(Records drawn from a dataset)
========================================

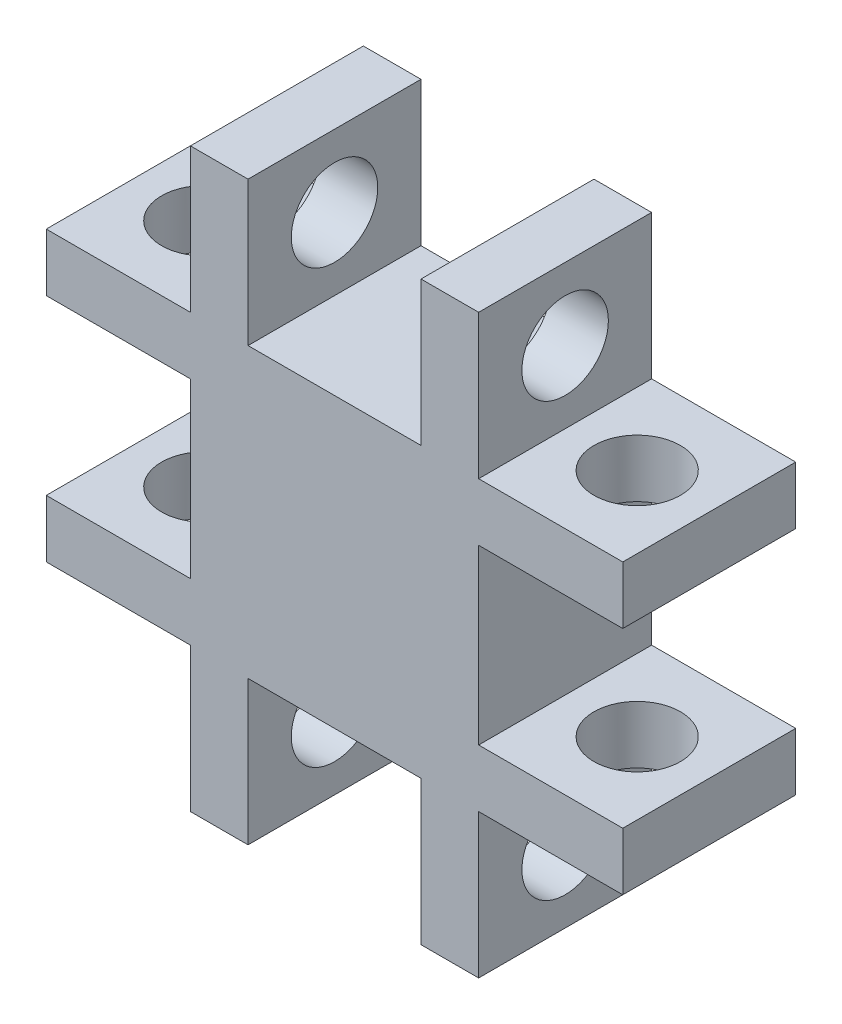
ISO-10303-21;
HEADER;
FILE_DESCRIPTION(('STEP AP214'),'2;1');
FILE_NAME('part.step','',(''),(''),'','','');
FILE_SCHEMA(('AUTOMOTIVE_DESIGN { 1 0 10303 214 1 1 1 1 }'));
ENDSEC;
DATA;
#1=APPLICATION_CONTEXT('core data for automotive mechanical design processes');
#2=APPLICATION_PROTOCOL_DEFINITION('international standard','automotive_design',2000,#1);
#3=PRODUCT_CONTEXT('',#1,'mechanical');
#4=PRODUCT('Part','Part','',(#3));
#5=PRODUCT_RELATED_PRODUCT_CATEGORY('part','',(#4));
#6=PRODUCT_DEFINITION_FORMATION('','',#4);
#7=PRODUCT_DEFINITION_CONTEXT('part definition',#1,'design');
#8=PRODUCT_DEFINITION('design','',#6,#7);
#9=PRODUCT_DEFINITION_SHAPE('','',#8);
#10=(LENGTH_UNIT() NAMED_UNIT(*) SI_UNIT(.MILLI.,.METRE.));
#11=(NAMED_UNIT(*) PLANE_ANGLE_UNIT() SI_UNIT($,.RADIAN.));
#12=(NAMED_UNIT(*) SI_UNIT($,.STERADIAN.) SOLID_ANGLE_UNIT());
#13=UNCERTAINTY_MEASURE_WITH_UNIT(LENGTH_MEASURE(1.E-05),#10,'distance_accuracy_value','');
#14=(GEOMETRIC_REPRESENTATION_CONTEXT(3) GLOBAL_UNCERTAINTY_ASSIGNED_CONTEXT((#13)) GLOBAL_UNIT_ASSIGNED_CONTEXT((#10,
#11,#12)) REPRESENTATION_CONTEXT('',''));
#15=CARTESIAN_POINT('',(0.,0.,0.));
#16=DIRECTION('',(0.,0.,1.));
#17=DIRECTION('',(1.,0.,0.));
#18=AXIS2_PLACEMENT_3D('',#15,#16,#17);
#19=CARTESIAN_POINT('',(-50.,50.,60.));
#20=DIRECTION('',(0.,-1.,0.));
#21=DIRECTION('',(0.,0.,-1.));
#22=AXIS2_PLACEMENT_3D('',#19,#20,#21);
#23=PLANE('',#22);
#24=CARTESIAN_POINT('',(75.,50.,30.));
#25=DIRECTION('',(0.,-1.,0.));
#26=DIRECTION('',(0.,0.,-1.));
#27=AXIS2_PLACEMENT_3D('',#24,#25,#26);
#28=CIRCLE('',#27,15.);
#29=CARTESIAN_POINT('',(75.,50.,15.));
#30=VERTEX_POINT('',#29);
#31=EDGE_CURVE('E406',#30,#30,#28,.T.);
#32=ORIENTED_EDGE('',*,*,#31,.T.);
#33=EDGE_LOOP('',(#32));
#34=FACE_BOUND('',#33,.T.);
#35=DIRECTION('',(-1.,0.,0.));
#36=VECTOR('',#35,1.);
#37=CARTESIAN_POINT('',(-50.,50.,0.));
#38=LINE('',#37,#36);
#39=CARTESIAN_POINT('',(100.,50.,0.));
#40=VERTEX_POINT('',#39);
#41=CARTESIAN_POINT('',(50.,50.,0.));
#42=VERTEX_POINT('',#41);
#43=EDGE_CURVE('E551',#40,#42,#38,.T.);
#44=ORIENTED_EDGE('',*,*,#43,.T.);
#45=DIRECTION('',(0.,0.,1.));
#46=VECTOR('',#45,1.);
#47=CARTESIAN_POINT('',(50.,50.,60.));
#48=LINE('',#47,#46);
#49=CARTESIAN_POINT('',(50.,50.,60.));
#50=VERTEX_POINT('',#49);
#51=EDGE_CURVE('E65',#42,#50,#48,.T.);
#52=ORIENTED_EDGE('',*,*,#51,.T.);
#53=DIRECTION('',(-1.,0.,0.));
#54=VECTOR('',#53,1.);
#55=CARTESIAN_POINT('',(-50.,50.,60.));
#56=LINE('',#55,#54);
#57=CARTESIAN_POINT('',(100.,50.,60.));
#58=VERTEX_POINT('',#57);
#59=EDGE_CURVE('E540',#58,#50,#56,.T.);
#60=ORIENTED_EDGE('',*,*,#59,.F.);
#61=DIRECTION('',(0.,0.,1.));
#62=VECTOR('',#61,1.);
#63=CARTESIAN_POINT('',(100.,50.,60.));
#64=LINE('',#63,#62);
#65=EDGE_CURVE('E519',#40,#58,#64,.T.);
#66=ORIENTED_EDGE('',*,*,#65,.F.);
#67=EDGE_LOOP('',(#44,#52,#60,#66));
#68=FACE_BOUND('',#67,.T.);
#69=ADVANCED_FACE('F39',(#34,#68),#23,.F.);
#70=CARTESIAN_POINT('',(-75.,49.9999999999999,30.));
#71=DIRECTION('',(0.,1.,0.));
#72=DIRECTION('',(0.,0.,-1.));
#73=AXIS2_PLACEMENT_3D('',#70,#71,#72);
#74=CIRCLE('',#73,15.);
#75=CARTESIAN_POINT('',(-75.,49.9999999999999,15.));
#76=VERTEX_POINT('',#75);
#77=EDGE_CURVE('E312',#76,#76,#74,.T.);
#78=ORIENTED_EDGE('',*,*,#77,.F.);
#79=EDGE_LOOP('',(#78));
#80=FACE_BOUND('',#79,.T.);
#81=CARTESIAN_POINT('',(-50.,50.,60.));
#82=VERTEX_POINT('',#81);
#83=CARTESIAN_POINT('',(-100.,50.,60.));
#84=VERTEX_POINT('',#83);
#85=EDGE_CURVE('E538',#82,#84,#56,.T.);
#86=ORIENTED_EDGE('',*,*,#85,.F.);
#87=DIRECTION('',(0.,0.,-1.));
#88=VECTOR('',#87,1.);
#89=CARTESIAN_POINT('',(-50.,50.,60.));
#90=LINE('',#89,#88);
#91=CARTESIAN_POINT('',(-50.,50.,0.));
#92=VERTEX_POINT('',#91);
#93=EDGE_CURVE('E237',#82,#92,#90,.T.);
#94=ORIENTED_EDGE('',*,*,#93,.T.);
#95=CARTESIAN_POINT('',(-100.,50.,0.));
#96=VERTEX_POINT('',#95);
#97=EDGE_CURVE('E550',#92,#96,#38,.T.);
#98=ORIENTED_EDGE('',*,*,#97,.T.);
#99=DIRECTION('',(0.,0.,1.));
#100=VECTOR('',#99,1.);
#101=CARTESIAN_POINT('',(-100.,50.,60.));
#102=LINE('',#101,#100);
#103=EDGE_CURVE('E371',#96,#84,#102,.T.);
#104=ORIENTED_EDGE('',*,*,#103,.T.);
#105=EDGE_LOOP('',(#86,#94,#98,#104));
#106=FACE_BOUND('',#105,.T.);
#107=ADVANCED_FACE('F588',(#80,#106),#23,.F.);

========================================

*TASK TO CARRY OUT:* After locating the line holding "#58=VERTEX_POINT('',#57);" above, output exactly that line and every line after it through the line holding "#73=AXIS2_PLACEMENT_3D('',#70,#71,#72);". Include nothing else.

*WRITTEN REPLY:*
#58=VERTEX_POINT('',#57);
#59=EDGE_CURVE('E540',#58,#50,#56,.T.);
#60=ORIENTED_EDGE('',*,*,#59,.F.);
#61=DIRECTION('',(0.,0.,1.));
#62=VECTOR('',#61,1.);
#63=CARTESIAN_POINT('',(100.,50.,60.));
#64=LINE('',#63,#62);
#65=EDGE_CURVE('E519',#40,#58,#64,.T.);
#66=ORIENTED_EDGE('',*,*,#65,.F.);
#67=EDGE_LOOP('',(#44,#52,#60,#66));
#68=FACE_BOUND('',#67,.T.);
#69=ADVANCED_FACE('F39',(#34,#68),#23,.F.);
#70=CARTESIAN_POINT('',(-75.,49.9999999999999,30.));
#71=DIRECTION('',(0.,1.,0.));
#72=DIRECTION('',(0.,0.,-1.));
#73=AXIS2_PLACEMENT_3D('',#70,#71,#72);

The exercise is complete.